Yang hendak ditekankan disini adalah bahwa peranan partai politik dalam rangka
pendidikan politik dan sosialisasi politik itu sangat lah besar.
Fungsi
ketiga partai politik adalah sarana rekruitmen politik (political
recruitment). Partai dibentuk memang dimaksudkan untuk menjadi kendaraan
yang sah untuk menyeleksi kader-kader pemimpin negara pada jenjang-jenjang dan
posisi-posisi tertentu. Kader-kader itu ada yang dipilih secara langsung oleh
rakyat, ada pula yang dipilih melalui cara yang tidak langsung, seperti oleh
Dewan Perwakilan Rakyat, ataupun melalui cara-cara yang tidak langsung lainnya.
Tentu
tidak semua jabatan yang dapat diisi oleh peranan partai politik sebagai sarana
rekruitmen politik. Jabatan-jabatan profesional di bidang-bidang
kepegawai-negerian, dan lain-lain yang tidak bersifat politik (poticial
appointment), tidak boleh melibatkan peran partai politik. Partai hanya
boleh terlibat dalam pengisian jabatan-jabatan yang bersifat politik dan karena
itu memerlukan pengangkatan pejabatnya melalui prosedur politik pula (political
appointment).
Untuk
menghindarkan terjadinya percampuradukan, perlu dimengerti benar perbedaan
antara jabatan-jabatan yang bersifat politik itu dengan jabatan-jabatan yang
bersifat teknis-administratif dan profesional. Di lingkungan kementerian, hanya
ada 1 jabatan saja yang bersifat politik, yaitu Menteri. Sedangkan para
pembantu Menteri di lingkungan instansi yang dipimpinnya adalah pegawai negeri
sipil yang tunduk kepada peraturan perundang-undangan yang berlaku di bidang
kepegawaian.
Jabatan
dibedakan antara jabatan negara dan jabatan pegawai negeri. Yang menduduki
jabatan negara disebut sebagai pejabat negara. Seharusnya, supaya sederhana,
yang menduduki jabatan pegawai negeri disebut pejabat negeri. Dalam jabatan
negeri atau jabatan pegawai negeri, khususnya pegawai negeri sipil, dikenal
adanya dua jenis jabatan, yaitu jabatan struktural dan jabatan fungsional.
Jenjang
jabatan itu masing-masing telah ditentukan dengan sangat jelas hirarkinya dalam
rangka penjenjangan karir. Misalnya, jenjang jabatan struktural tersusun dalam
mulai dari eselon 5, 4, 3, 2, sampai ke eselon 1. Untuk jabatan fungsional,
jenjang jabatannya ditentukan berdasarkan sifat pekerjaan di masing-masing unit
kerja. Misalnya, untuk dosen di perguruan tinggi yang paling tinggi adalah guru
besar. Jenjang di bawahnya adalah guru besar madya, lektor kepala, lektor
kepala madya, lektor, lektor madya, lektor muda, dan asisten ahli, asisten ahli
madya, asisten. Di bidang-bidang lain, baik jenjang maupun nomenklatur yang
dipakai berbeda-beda tergantung bidang pekerjaannya.
Untuk
pengisian jabatan atau rekruitmen pejabat negara/kenegaraan, baik langsung
ataupun tidak langsung, partai politik dapat berperan. Dalam hal ini lah,
fungsi partai politik dalam rangka rekruitmen politik (political recruitment)

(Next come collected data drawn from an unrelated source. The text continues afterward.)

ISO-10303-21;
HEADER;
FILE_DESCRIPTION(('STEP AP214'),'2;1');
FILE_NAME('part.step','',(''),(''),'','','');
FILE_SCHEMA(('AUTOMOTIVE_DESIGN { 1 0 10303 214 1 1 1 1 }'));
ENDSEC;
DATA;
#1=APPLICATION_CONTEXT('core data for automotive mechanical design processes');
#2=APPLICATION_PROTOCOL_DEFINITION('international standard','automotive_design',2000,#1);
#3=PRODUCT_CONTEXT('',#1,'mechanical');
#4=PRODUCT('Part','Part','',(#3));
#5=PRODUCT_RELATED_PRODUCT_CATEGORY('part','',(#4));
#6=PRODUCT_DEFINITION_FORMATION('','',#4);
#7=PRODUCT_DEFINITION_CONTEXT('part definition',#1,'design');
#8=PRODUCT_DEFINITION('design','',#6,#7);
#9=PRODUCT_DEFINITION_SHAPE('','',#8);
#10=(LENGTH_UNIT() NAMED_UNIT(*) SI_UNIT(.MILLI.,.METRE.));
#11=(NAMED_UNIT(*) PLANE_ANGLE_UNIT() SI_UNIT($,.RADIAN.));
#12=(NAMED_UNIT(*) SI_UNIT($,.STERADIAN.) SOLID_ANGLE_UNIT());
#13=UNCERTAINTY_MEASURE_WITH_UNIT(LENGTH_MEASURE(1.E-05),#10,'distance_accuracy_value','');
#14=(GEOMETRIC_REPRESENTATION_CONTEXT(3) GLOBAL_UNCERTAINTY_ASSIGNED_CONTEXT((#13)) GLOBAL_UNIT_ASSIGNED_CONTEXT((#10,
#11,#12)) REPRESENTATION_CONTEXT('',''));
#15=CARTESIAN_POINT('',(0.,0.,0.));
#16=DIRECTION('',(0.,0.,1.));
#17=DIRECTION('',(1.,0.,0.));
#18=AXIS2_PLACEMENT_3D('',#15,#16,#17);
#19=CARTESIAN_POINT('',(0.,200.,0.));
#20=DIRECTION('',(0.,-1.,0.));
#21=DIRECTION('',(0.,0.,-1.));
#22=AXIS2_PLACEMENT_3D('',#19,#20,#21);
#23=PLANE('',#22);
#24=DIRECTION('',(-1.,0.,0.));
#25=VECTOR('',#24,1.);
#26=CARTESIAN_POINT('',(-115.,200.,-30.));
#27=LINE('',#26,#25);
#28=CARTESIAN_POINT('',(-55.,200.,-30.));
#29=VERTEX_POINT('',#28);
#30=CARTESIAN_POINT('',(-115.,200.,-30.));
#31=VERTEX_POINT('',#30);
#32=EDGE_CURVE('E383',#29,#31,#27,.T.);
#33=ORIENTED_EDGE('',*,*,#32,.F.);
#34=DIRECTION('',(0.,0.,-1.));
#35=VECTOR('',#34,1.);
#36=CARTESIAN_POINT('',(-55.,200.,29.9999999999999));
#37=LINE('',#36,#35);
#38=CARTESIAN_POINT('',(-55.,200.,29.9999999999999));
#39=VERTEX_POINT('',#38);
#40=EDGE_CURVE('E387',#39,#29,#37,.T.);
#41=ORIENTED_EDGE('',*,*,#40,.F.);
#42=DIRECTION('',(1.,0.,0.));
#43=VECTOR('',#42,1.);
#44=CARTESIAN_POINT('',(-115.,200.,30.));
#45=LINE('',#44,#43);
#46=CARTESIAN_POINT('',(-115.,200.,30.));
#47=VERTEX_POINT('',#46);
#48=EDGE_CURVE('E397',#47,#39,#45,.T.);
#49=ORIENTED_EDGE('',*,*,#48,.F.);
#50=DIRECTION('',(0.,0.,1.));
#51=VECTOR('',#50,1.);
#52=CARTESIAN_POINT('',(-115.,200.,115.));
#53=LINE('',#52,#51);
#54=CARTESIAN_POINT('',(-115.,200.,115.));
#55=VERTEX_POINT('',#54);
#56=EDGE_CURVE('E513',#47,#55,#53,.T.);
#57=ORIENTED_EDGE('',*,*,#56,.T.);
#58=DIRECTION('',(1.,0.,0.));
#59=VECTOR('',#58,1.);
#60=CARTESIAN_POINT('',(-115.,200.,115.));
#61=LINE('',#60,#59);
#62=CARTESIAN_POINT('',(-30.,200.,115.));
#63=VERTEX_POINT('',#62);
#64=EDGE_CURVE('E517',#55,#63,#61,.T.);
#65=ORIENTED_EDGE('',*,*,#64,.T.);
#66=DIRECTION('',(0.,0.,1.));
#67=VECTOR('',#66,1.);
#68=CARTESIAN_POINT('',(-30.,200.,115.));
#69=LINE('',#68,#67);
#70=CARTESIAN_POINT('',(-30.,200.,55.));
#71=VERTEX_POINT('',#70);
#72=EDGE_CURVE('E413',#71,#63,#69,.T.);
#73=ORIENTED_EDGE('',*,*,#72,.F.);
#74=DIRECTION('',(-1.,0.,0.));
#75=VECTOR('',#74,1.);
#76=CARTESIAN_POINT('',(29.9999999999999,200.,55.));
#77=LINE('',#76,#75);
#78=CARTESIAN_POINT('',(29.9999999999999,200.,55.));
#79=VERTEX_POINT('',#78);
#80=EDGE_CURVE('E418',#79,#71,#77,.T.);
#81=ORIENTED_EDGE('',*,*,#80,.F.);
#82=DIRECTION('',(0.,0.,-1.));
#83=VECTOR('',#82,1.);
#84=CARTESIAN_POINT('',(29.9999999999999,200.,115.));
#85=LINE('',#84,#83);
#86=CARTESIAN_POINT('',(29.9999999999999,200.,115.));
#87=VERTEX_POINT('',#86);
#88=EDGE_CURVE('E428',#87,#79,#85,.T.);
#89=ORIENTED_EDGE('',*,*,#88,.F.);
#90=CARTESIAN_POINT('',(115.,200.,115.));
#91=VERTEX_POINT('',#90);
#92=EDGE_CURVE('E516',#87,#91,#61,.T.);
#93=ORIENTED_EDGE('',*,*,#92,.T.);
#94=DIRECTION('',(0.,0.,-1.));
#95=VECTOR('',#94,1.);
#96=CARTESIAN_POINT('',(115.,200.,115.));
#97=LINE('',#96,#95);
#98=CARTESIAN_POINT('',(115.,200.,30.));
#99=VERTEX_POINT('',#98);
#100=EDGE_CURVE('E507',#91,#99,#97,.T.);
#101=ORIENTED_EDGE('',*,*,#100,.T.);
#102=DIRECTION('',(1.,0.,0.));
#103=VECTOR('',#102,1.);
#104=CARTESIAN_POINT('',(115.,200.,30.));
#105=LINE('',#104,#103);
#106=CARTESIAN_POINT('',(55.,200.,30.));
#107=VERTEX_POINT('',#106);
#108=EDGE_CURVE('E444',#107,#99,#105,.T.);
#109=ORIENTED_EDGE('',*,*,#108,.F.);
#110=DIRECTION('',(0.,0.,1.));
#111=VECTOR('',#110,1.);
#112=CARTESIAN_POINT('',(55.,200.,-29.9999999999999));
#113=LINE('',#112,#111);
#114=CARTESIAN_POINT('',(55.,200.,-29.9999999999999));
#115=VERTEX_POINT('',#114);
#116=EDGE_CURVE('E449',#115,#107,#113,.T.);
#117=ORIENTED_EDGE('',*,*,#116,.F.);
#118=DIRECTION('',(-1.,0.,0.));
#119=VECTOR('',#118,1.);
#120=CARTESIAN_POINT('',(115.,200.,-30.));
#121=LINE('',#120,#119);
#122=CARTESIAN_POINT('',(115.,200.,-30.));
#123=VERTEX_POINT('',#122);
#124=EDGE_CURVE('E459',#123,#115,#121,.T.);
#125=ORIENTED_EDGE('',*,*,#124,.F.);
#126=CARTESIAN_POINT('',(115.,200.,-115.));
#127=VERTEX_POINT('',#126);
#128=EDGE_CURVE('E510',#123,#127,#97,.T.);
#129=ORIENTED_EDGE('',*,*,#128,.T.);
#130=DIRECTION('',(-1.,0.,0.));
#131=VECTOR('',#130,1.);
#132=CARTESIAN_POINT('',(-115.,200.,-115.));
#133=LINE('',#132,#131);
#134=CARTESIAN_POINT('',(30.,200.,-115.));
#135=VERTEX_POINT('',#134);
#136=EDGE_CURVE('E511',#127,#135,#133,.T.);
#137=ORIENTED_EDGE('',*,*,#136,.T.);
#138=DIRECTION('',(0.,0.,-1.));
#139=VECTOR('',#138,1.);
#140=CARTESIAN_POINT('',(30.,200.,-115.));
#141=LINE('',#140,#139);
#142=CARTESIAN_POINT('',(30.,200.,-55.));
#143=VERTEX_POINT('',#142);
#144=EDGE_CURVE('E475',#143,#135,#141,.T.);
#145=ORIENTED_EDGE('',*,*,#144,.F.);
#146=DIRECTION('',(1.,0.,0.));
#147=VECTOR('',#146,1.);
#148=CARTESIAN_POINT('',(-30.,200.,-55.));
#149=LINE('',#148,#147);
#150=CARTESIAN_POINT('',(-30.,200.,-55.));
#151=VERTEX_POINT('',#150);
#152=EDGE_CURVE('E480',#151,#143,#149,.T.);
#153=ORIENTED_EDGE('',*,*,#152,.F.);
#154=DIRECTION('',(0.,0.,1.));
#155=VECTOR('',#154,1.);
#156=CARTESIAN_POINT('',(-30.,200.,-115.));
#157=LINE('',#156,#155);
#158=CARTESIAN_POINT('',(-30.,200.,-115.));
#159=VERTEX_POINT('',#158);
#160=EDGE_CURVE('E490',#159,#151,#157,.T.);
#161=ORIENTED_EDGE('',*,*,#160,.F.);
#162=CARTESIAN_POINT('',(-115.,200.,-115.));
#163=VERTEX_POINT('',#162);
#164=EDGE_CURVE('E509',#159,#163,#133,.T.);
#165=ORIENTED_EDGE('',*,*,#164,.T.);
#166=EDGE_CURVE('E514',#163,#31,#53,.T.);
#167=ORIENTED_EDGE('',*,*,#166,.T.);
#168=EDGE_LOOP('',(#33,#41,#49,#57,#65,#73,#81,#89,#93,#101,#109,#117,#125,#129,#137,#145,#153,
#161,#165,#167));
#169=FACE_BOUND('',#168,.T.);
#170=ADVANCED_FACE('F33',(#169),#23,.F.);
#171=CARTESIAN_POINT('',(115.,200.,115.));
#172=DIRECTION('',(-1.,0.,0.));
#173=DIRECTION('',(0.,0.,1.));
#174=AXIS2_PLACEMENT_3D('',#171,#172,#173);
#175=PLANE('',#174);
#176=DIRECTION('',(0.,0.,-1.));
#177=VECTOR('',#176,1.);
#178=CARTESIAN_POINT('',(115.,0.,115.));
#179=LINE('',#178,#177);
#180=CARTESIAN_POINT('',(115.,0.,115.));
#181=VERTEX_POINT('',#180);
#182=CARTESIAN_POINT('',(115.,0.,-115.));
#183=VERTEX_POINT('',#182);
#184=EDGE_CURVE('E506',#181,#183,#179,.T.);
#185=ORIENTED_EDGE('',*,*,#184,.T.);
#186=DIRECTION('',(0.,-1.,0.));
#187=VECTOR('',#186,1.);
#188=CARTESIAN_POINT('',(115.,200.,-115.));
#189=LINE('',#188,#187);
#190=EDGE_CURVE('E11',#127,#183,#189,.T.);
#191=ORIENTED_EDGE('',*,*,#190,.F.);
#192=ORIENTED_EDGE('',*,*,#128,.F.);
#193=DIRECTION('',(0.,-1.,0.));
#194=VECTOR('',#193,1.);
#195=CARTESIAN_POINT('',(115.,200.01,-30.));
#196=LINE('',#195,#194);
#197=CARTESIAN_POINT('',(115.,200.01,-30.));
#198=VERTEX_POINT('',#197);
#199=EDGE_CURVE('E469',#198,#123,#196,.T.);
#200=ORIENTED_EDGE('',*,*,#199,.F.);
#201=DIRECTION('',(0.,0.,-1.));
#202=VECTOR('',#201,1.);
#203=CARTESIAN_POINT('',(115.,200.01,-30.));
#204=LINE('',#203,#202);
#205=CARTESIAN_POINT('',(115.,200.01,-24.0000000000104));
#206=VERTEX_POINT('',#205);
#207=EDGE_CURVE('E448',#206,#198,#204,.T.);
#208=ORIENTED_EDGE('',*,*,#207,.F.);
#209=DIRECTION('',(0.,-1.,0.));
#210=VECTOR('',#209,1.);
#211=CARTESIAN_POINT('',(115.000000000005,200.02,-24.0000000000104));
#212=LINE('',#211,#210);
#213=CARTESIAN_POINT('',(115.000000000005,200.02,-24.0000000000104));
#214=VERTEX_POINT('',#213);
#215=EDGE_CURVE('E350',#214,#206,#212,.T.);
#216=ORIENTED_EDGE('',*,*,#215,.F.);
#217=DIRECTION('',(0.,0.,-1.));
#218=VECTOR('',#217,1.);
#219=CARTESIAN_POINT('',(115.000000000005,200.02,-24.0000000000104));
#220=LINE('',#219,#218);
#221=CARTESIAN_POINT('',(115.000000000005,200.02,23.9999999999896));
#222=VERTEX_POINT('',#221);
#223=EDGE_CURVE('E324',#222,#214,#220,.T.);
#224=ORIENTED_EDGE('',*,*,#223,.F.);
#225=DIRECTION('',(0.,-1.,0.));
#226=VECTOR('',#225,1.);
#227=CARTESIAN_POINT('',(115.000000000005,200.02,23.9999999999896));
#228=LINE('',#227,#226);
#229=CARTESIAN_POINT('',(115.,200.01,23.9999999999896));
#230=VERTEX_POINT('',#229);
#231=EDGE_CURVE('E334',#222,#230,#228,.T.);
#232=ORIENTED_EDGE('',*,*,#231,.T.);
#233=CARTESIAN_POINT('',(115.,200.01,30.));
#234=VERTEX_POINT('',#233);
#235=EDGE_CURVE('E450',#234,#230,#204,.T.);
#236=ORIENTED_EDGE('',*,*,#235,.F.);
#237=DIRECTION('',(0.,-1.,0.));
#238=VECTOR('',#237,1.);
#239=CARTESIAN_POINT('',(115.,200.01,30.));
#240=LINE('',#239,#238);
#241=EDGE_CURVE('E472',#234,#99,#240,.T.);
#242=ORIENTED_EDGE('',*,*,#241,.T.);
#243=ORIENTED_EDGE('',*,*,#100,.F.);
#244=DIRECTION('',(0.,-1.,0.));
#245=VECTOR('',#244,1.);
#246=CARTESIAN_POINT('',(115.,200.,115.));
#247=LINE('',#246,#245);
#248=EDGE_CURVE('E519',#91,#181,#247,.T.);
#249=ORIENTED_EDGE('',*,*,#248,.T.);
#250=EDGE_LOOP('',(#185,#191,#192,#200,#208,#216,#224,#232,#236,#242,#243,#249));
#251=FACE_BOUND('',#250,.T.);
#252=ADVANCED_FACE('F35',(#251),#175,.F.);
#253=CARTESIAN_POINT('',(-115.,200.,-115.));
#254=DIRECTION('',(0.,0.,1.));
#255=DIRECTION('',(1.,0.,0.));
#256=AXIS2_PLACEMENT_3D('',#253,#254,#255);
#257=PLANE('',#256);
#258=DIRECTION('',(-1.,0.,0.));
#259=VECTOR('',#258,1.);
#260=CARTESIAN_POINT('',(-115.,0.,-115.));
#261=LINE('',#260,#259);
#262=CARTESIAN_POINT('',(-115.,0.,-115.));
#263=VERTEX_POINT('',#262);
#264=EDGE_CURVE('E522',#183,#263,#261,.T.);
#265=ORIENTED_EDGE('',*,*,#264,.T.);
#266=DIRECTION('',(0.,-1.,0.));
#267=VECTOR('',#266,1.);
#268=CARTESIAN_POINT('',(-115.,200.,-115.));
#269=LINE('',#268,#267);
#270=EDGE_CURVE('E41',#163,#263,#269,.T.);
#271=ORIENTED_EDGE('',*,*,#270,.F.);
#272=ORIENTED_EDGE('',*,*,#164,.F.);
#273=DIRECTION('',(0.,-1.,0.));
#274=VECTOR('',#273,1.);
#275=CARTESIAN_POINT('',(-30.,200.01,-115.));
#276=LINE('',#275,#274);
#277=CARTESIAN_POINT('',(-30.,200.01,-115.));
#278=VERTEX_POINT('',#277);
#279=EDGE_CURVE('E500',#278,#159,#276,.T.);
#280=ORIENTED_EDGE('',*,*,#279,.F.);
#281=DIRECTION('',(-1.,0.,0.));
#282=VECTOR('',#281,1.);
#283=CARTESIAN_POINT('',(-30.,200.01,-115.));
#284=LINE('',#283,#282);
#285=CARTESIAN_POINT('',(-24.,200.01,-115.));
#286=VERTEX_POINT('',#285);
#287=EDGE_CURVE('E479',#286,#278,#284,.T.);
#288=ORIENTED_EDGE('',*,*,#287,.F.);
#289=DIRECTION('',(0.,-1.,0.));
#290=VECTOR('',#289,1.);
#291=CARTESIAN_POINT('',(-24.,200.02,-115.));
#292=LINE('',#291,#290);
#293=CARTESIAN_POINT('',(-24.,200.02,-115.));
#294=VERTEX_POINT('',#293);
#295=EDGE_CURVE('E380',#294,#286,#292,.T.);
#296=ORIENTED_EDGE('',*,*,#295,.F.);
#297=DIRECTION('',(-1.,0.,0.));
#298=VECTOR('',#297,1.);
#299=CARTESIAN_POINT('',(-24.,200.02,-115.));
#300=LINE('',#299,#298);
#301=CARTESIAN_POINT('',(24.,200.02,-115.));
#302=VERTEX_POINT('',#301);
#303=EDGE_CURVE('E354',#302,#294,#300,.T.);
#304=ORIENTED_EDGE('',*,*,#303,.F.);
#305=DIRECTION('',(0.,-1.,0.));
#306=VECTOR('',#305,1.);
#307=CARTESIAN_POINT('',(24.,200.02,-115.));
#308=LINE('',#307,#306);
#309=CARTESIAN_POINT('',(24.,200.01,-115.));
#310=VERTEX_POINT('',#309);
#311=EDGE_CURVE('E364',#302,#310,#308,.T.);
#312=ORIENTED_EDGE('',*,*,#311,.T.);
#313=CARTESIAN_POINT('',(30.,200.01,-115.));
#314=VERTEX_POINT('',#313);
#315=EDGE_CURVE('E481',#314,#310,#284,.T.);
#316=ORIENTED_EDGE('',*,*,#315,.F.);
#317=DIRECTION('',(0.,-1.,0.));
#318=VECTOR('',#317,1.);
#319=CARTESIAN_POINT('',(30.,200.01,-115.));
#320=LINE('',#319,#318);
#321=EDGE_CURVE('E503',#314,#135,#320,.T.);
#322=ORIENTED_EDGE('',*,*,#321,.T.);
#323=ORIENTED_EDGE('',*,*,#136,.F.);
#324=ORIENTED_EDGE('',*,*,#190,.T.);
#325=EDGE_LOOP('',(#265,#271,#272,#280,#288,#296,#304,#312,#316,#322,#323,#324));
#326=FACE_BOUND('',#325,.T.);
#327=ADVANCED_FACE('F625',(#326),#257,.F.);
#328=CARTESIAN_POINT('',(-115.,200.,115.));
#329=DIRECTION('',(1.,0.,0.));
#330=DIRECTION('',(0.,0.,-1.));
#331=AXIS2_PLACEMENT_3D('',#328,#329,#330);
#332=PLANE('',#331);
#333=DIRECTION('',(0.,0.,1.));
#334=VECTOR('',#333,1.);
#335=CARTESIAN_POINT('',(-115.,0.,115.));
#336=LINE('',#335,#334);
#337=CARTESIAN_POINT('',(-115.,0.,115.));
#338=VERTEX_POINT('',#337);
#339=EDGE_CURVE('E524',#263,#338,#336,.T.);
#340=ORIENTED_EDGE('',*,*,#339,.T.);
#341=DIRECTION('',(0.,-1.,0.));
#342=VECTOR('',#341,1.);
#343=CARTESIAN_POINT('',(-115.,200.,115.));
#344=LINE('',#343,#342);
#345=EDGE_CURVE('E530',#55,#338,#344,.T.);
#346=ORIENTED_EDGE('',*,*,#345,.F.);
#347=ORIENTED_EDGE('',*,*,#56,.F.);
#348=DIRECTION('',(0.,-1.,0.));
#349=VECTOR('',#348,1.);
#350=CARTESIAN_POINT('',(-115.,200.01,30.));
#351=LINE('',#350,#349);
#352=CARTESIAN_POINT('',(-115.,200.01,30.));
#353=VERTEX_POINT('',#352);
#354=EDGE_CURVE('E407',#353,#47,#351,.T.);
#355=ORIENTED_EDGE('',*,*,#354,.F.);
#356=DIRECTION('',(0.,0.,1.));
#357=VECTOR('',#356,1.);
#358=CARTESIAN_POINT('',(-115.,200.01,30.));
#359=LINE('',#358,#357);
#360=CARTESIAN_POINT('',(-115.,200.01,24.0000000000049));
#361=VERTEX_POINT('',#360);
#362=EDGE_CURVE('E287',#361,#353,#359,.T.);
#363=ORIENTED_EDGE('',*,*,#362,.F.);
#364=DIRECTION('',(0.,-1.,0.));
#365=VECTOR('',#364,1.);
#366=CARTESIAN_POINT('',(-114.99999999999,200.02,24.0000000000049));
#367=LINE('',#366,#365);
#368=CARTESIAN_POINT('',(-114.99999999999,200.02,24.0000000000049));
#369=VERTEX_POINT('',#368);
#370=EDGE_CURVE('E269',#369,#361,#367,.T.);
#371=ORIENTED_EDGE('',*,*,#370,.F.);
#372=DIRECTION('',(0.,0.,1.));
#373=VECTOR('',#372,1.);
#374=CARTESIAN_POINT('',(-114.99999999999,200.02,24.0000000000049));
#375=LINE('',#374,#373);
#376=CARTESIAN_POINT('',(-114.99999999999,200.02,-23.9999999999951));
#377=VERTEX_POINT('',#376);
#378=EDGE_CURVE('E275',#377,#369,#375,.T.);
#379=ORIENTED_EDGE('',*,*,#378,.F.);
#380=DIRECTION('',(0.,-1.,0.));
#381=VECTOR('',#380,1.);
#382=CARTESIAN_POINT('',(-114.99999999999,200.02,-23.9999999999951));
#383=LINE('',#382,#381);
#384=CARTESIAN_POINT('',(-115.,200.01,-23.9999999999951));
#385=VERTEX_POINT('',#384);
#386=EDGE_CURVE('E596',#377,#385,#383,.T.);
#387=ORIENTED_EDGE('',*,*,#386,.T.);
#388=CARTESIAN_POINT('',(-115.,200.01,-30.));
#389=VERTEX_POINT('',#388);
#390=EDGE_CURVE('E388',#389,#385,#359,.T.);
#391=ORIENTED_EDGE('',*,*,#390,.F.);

dianggap penting. Sedangkan untuk pengisian jabatan negeri seperti tersebut di
atas, partai sudah seharusnya dilarang untuk terlibat dan melibatkan diri.
Fungsi
keempat adalah pengatur dan pengelola konflik yang terjadi dalam masyarakat (conflict
management). Seperti sudah disebut di atas, nilai-nilai (values) dan
kepentingan-kepentingan (interests) yang tumbuh dalam kehidupan masyarakat
sangat beraneka ragam, rumit, dan cenderung saling bersaing dan bertabrakan
satu sama lain. Jika partai politiknya banyak, berbagai kepentingan yang
beraneka ragam itu dapat disalurkan melalui polarisasi partai-partai politik
yang menawarkan ideologi, program, dan altrernatif kebijakan yang berbeda-beda
satu sama lain.
Dengan
perkataan lain, sebagai pengatur atau pengelola konflik (conflict management)
partai berperan sebagai sarana agregasi kepentingan (aggregation of
interests) yang menyalurkan ragam kepentingan yang berbeda-beda itu melalui
saluran kelembagaan politik partai. Karena itu, dalam kategori Yves Meny dan
Andrew Knapp, fungsi pengeloa konflik dapat dikaitkan dengan fungsi integrasi
partai politik. Partai mengagregasikan dan mengintegrasikan beragam kepentingan
itu dengan cara menyalurkannya dengan sebaik-baiknya untuk mempengaruhi
kebijakan-kebijakan politik kenegaraan.
3.
Kelemahan Partai Politik
Adanya
organisasi itu, tentu dapat dikatakan juga mengandung beberapa kelemahan. Di
antaranya ialah bahwa organisasi partai cenderung bersifat oligarkis.
Organisasi dan termasuk juga organisasi partai politik kadang-kadang bertindak
dengan lantang untuk dan atas nama kepentingan rakyat, tetapi dalam
kenyataannya di lapangan justru berjuang untuk kepentingan pengurusnya sendiri.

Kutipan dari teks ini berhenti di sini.